Copy out every line in the entries below that includes "mxGraphModel".

Start of Material provided

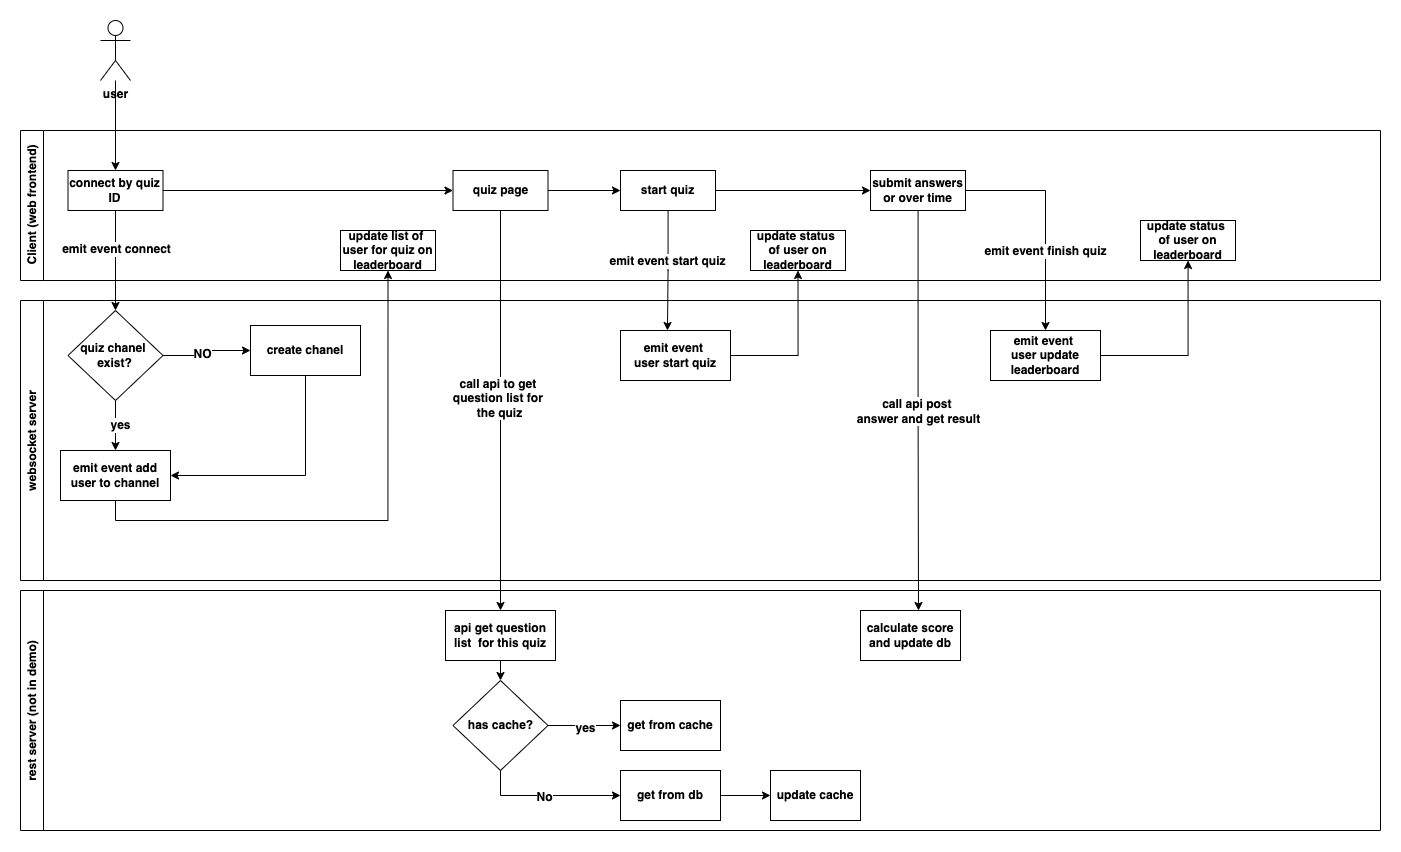

The diagram above was exported from draw.io. Its source (the exported page's mxGraphModel, read from the mxfile embedded in the PNG):
<mxGraphModel dx="1706" dy="879" grid="1" gridSize="10" guides="1" tooltips="1" connect="1" arrows="1" fold="1" page="1" pageScale="1" pageWidth="850" pageHeight="1100" math="0" shadow="0">
  <root>
    <mxCell id="0" />
    <mxCell id="1" parent="0" />
    <mxCell id="Xa-ZLqtsrVIgS09RA0GC-1" value="Client (web frontend)" style="swimlane;horizontal=0;whiteSpace=wrap;html=1;strokeColor=default;align=center;verticalAlign=middle;fontFamily=Helvetica;fontSize=12;fontColor=default;fontStyle=1;fillColor=default;" vertex="1" parent="1">
      <mxGeometry x="40" y="400" width="1360" height="150" as="geometry" />
    </mxCell>
    <mxCell id="JYtK08OISMCTGRscIRP4-23" style="edgeStyle=orthogonalEdgeStyle;rounded=0;orthogonalLoop=1;jettySize=auto;html=1;entryX=0;entryY=0.5;entryDx=0;entryDy=0;fontFamily=Helvetica;fontSize=12;fontColor=default;fontStyle=1;" edge="1" parent="Xa-ZLqtsrVIgS09RA0GC-1" source="JYtK08OISMCTGRscIRP4-4" target="JYtK08OISMCTGRscIRP4-17">
      <mxGeometry relative="1" as="geometry" />
    </mxCell>
    <mxCell id="JYtK08OISMCTGRscIRP4-4" value="connect by quiz ID" style="text;html=1;align=center;verticalAlign=middle;whiteSpace=wrap;rounded=0;fontFamily=Helvetica;fontSize=12;fontColor=default;fontStyle=1;strokeColor=default;" vertex="1" parent="Xa-ZLqtsrVIgS09RA0GC-1">
      <mxGeometry x="47.5" y="40" width="95" height="40" as="geometry" />
    </mxCell>
    <mxCell id="JYtK08OISMCTGRscIRP4-25" style="edgeStyle=orthogonalEdgeStyle;rounded=0;orthogonalLoop=1;jettySize=auto;html=1;entryX=0;entryY=0.5;entryDx=0;entryDy=0;fontFamily=Helvetica;fontSize=12;fontColor=default;fontStyle=1;" edge="1" parent="Xa-ZLqtsrVIgS09RA0GC-1" source="JYtK08OISMCTGRscIRP4-17" target="JYtK08OISMCTGRscIRP4-24">
      <mxGeometry relative="1" as="geometry" />
    </mxCell>
    <mxCell id="JYtK08OISMCTGRscIRP4-17" value="quiz page" style="text;html=1;align=center;verticalAlign=middle;whiteSpace=wrap;rounded=0;fontFamily=Helvetica;fontSize=12;fontColor=default;fontStyle=1;strokeColor=default;" vertex="1" parent="Xa-ZLqtsrVIgS09RA0GC-1">
      <mxGeometry x="432.5" y="40" width="95" height="40" as="geometry" />
    </mxCell>
    <mxCell id="JYtK08OISMCTGRscIRP4-20" value="update list of&amp;nbsp;&lt;div&gt;user for quiz on leaderboard&lt;/div&gt;" style="text;html=1;align=center;verticalAlign=middle;whiteSpace=wrap;rounded=0;fontFamily=Helvetica;fontSize=12;fontColor=default;fontStyle=1;strokeColor=default;" vertex="1" parent="Xa-ZLqtsrVIgS09RA0GC-1">
      <mxGeometry x="320" y="100" width="95" height="40" as="geometry" />
    </mxCell>
    <mxCell id="JYtK08OISMCTGRscIRP4-54" style="edgeStyle=orthogonalEdgeStyle;rounded=0;orthogonalLoop=1;jettySize=auto;html=1;entryX=0;entryY=0.5;entryDx=0;entryDy=0;fontFamily=Helvetica;fontSize=12;fontColor=default;fontStyle=1;" edge="1" parent="Xa-ZLqtsrVIgS09RA0GC-1" source="JYtK08OISMCTGRscIRP4-24" target="JYtK08OISMCTGRscIRP4-48">
      <mxGeometry relative="1" as="geometry" />
    </mxCell>
    <mxCell id="JYtK08OISMCTGRscIRP4-24" value="start quiz" style="text;html=1;align=center;verticalAlign=middle;whiteSpace=wrap;rounded=0;fontFamily=Helvetica;fontSize=12;fontColor=default;fontStyle=1;strokeColor=default;" vertex="1" parent="Xa-ZLqtsrVIgS09RA0GC-1">
      <mxGeometry x="600" y="40" width="95" height="40" as="geometry" />
    </mxCell>
    <mxCell id="JYtK08OISMCTGRscIRP4-48" value="submit answers&lt;div&gt;or over time&lt;/div&gt;" style="text;html=1;align=center;verticalAlign=middle;whiteSpace=wrap;rounded=0;fontFamily=Helvetica;fontSize=12;fontColor=default;fontStyle=1;strokeColor=default;" vertex="1" parent="Xa-ZLqtsrVIgS09RA0GC-1">
      <mxGeometry x="850" y="40" width="95" height="40" as="geometry" />
    </mxCell>
    <mxCell id="JYtK08OISMCTGRscIRP4-52" value="update status&amp;nbsp;&lt;div&gt;of user on leaderboard&lt;/div&gt;" style="text;html=1;align=center;verticalAlign=middle;whiteSpace=wrap;rounded=0;fontFamily=Helvetica;fontSize=12;fontColor=default;fontStyle=1;strokeColor=default;" vertex="1" parent="Xa-ZLqtsrVIgS09RA0GC-1">
      <mxGeometry x="730" y="100" width="95" height="40" as="geometry" />
    </mxCell>
    <mxCell id="JYtK08OISMCTGRscIRP4-61" value="update status&amp;nbsp;&lt;div&gt;of user on leaderboard&lt;/div&gt;" style="text;html=1;align=center;verticalAlign=middle;whiteSpace=wrap;rounded=0;fontFamily=Helvetica;fontSize=12;fontColor=default;fontStyle=1;strokeColor=default;" vertex="1" parent="Xa-ZLqtsrVIgS09RA0GC-1">
      <mxGeometry x="1120" y="90" width="95" height="40" as="geometry" />
    </mxCell>
    <mxCell id="JYtK08OISMCTGRscIRP4-15" style="edgeStyle=orthogonalEdgeStyle;rounded=0;orthogonalLoop=1;jettySize=auto;html=1;entryX=0.5;entryY=0;entryDx=0;entryDy=0;fontFamily=Helvetica;fontSize=12;fontColor=default;fontStyle=1;" edge="1" parent="1" source="JYtK08OISMCTGRscIRP4-1" target="JYtK08OISMCTGRscIRP4-4">
      <mxGeometry relative="1" as="geometry" />
    </mxCell>
    <mxCell id="JYtK08OISMCTGRscIRP4-1" value="user" style="shape=umlActor;verticalLabelPosition=bottom;verticalAlign=top;html=1;strokeColor=default;align=center;fontFamily=Helvetica;fontSize=12;fontColor=default;fontStyle=1;fillColor=default;" vertex="1" parent="1">
      <mxGeometry x="120" y="290" width="30" height="60" as="geometry" />
    </mxCell>
    <mxCell id="JYtK08OISMCTGRscIRP4-5" value="websocket server" style="swimlane;horizontal=0;whiteSpace=wrap;html=1;strokeColor=default;align=center;verticalAlign=middle;fontFamily=Helvetica;fontSize=12;fontColor=default;fontStyle=1;fillColor=default;" vertex="1" parent="1">
      <mxGeometry x="40" y="570" width="1360" height="280" as="geometry" />
    </mxCell>
    <mxCell id="JYtK08OISMCTGRscIRP4-6" value="emit event add user to channel" style="text;html=1;align=center;verticalAlign=middle;whiteSpace=wrap;rounded=0;fontFamily=Helvetica;fontSize=12;fontColor=default;fontStyle=1;strokeColor=default;" vertex="1" parent="JYtK08OISMCTGRscIRP4-5">
      <mxGeometry x="40" y="150" width="110" height="50" as="geometry" />
    </mxCell>
    <mxCell id="JYtK08OISMCTGRscIRP4-9" style="edgeStyle=orthogonalEdgeStyle;rounded=0;orthogonalLoop=1;jettySize=auto;html=1;entryX=0;entryY=0.5;entryDx=0;entryDy=0;fontFamily=Helvetica;fontSize=12;fontColor=default;fontStyle=1;" edge="1" parent="JYtK08OISMCTGRscIRP4-5" source="JYtK08OISMCTGRscIRP4-7" target="JYtK08OISMCTGRscIRP4-8">
      <mxGeometry relative="1" as="geometry" />
    </mxCell>
    <mxCell id="JYtK08OISMCTGRscIRP4-10" value="NO" style="edgeLabel;html=1;align=center;verticalAlign=middle;resizable=0;points=[];strokeColor=default;fontFamily=Helvetica;fontSize=12;fontColor=default;fontStyle=1;fillColor=default;" vertex="1" connectable="0" parent="JYtK08OISMCTGRscIRP4-9">
      <mxGeometry x="-0.1579" y="2" relative="1" as="geometry">
        <mxPoint as="offset" />
      </mxGeometry>
    </mxCell>
    <mxCell id="JYtK08OISMCTGRscIRP4-11" style="edgeStyle=orthogonalEdgeStyle;rounded=0;orthogonalLoop=1;jettySize=auto;html=1;entryX=0.5;entryY=0;entryDx=0;entryDy=0;fontFamily=Helvetica;fontSize=12;fontColor=default;fontStyle=1;" edge="1" parent="JYtK08OISMCTGRscIRP4-5" source="JYtK08OISMCTGRscIRP4-7" target="JYtK08OISMCTGRscIRP4-6">
      <mxGeometry relative="1" as="geometry" />
    </mxCell>
    <mxCell id="JYtK08OISMCTGRscIRP4-12" value="yes" style="edgeLabel;html=1;align=center;verticalAlign=middle;resizable=0;points=[];strokeColor=default;fontFamily=Helvetica;fontSize=12;fontColor=default;fontStyle=1;fillColor=default;" vertex="1" connectable="0" parent="JYtK08OISMCTGRscIRP4-11">
      <mxGeometry x="-0.0333" y="4" relative="1" as="geometry">
        <mxPoint as="offset" />
      </mxGeometry>
    </mxCell>
    <mxCell id="JYtK08OISMCTGRscIRP4-7" value="quiz chanel&amp;nbsp;&lt;div&gt;exist?&lt;/div&gt;" style="rhombus;whiteSpace=wrap;html=1;strokeColor=default;align=center;verticalAlign=middle;fontFamily=Helvetica;fontSize=12;fontColor=default;fontStyle=1;fillColor=default;" vertex="1" parent="JYtK08OISMCTGRscIRP4-5">
      <mxGeometry x="47.5" y="10" width="95" height="90" as="geometry" />
    </mxCell>
    <mxCell id="JYtK08OISMCTGRscIRP4-13" style="edgeStyle=orthogonalEdgeStyle;rounded=0;orthogonalLoop=1;jettySize=auto;html=1;entryX=1;entryY=0.5;entryDx=0;entryDy=0;fontFamily=Helvetica;fontSize=12;fontColor=default;fontStyle=1;exitX=0.5;exitY=1;exitDx=0;exitDy=0;" edge="1" parent="JYtK08OISMCTGRscIRP4-5" source="JYtK08OISMCTGRscIRP4-8" target="JYtK08OISMCTGRscIRP4-6">
      <mxGeometry relative="1" as="geometry" />
    </mxCell>
    <mxCell id="JYtK08OISMCTGRscIRP4-8" value="create chanel" style="text;html=1;align=center;verticalAlign=middle;whiteSpace=wrap;rounded=0;fontFamily=Helvetica;fontSize=12;fontColor=default;fontStyle=1;strokeColor=default;" vertex="1" parent="JYtK08OISMCTGRscIRP4-5">
      <mxGeometry x="230" y="25" width="110" height="50" as="geometry" />
    </mxCell>
    <mxCell id="JYtK08OISMCTGRscIRP4-19" value="emit event&amp;nbsp;&lt;div&gt;user start quiz&lt;/div&gt;" style="text;html=1;align=center;verticalAlign=middle;whiteSpace=wrap;rounded=0;fontFamily=Helvetica;fontSize=12;fontColor=default;fontStyle=1;strokeColor=default;" vertex="1" parent="JYtK08OISMCTGRscIRP4-5">
      <mxGeometry x="600" y="30" width="110" height="50" as="geometry" />
    </mxCell>
    <mxCell id="JYtK08OISMCTGRscIRP4-58" value="emit event&amp;nbsp;&lt;div&gt;user update leaderboard&lt;/div&gt;" style="text;html=1;align=center;verticalAlign=middle;whiteSpace=wrap;rounded=0;fontFamily=Helvetica;fontSize=12;fontColor=default;fontStyle=1;strokeColor=default;" vertex="1" parent="JYtK08OISMCTGRscIRP4-5">
      <mxGeometry x="970" y="30" width="110" height="50" as="geometry" />
    </mxCell>
    <mxCell id="JYtK08OISMCTGRscIRP4-14" style="edgeStyle=orthogonalEdgeStyle;rounded=0;orthogonalLoop=1;jettySize=auto;html=1;fontFamily=Helvetica;fontSize=12;fontColor=default;fontStyle=1;" edge="1" parent="1" source="JYtK08OISMCTGRscIRP4-4" target="JYtK08OISMCTGRscIRP4-7">
      <mxGeometry relative="1" as="geometry" />
    </mxCell>
    <mxCell id="JYtK08OISMCTGRscIRP4-50" value="emit event connect" style="edgeLabel;html=1;align=center;verticalAlign=middle;resizable=0;points=[];strokeColor=default;fontFamily=Helvetica;fontSize=12;fontColor=default;fontStyle=1;fillColor=default;" vertex="1" connectable="0" parent="JYtK08OISMCTGRscIRP4-14">
      <mxGeometry x="-0.22" relative="1" as="geometry">
        <mxPoint as="offset" />
      </mxGeometry>
    </mxCell>
    <mxCell id="JYtK08OISMCTGRscIRP4-21" style="edgeStyle=orthogonalEdgeStyle;rounded=0;orthogonalLoop=1;jettySize=auto;html=1;entryX=0.5;entryY=1;entryDx=0;entryDy=0;fontFamily=Helvetica;fontSize=12;fontColor=default;fontStyle=1;exitX=0.5;exitY=1;exitDx=0;exitDy=0;" edge="1" parent="1" source="JYtK08OISMCTGRscIRP4-6" target="JYtK08OISMCTGRscIRP4-20">
      <mxGeometry relative="1" as="geometry" />
    </mxCell>
    <mxCell id="JYtK08OISMCTGRscIRP4-26" value="rest server (not in demo)" style="swimlane;horizontal=0;whiteSpace=wrap;html=1;strokeColor=default;align=center;verticalAlign=middle;fontFamily=Helvetica;fontSize=12;fontColor=default;fontStyle=1;fillColor=default;" vertex="1" parent="1">
      <mxGeometry x="40" y="860" width="1360" height="240" as="geometry" />
    </mxCell>
    <mxCell id="JYtK08OISMCTGRscIRP4-45" style="edgeStyle=orthogonalEdgeStyle;rounded=0;orthogonalLoop=1;jettySize=auto;html=1;exitX=0.5;exitY=1;exitDx=0;exitDy=0;entryX=0.5;entryY=0;entryDx=0;entryDy=0;fontFamily=Helvetica;fontSize=12;fontColor=default;fontStyle=1;" edge="1" parent="JYtK08OISMCTGRscIRP4-26" source="JYtK08OISMCTGRscIRP4-27" target="JYtK08OISMCTGRscIRP4-39">
      <mxGeometry relative="1" as="geometry" />
    </mxCell>
    <mxCell id="JYtK08OISMCTGRscIRP4-27" value="api get question list&amp;nbsp;&amp;nbsp;&lt;span style=&quot;background-color: initial;&quot;&gt;for this quiz&lt;/span&gt;" style="text;html=1;align=center;verticalAlign=middle;whiteSpace=wrap;rounded=0;fontFamily=Helvetica;fontSize=12;fontColor=default;fontStyle=1;strokeColor=default;" vertex="1" parent="JYtK08OISMCTGRscIRP4-26">
      <mxGeometry x="425" y="20" width="110" height="50" as="geometry" />
    </mxCell>
    <mxCell id="JYtK08OISMCTGRscIRP4-35" value="get from cache" style="text;html=1;align=center;verticalAlign=middle;whiteSpace=wrap;rounded=0;fontFamily=Helvetica;fontSize=12;fontColor=default;fontStyle=1;strokeColor=default;" vertex="1" parent="JYtK08OISMCTGRscIRP4-26">
      <mxGeometry x="600" y="110" width="100" height="50" as="geometry" />
    </mxCell>
    <mxCell id="JYtK08OISMCTGRscIRP4-40" style="edgeStyle=orthogonalEdgeStyle;rounded=0;orthogonalLoop=1;jettySize=auto;html=1;entryX=0;entryY=0.5;entryDx=0;entryDy=0;fontFamily=Helvetica;fontSize=12;fontColor=default;fontStyle=1;" edge="1" parent="JYtK08OISMCTGRscIRP4-26" source="JYtK08OISMCTGRscIRP4-39" target="JYtK08OISMCTGRscIRP4-35">
      <mxGeometry relative="1" as="geometry" />
    </mxCell>
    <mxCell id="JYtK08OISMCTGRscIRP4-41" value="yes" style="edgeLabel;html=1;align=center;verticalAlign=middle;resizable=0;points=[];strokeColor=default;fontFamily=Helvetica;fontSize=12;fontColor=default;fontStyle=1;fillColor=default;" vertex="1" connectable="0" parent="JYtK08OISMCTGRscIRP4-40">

End of Material provided

_Reply:_
The diagram above was exported from draw.io. Its source (the exported page's mxGraphModel, read from the mxfile embedded in the PNG):
<mxGraphModel dx="1706" dy="879" grid="1" gridSize="10" guides="1" tooltips="1" connect="1" arrows="1" fold="1" page="1" pageScale="1" pageWidth="850" pageHeight="1100" math="0" shadow="0">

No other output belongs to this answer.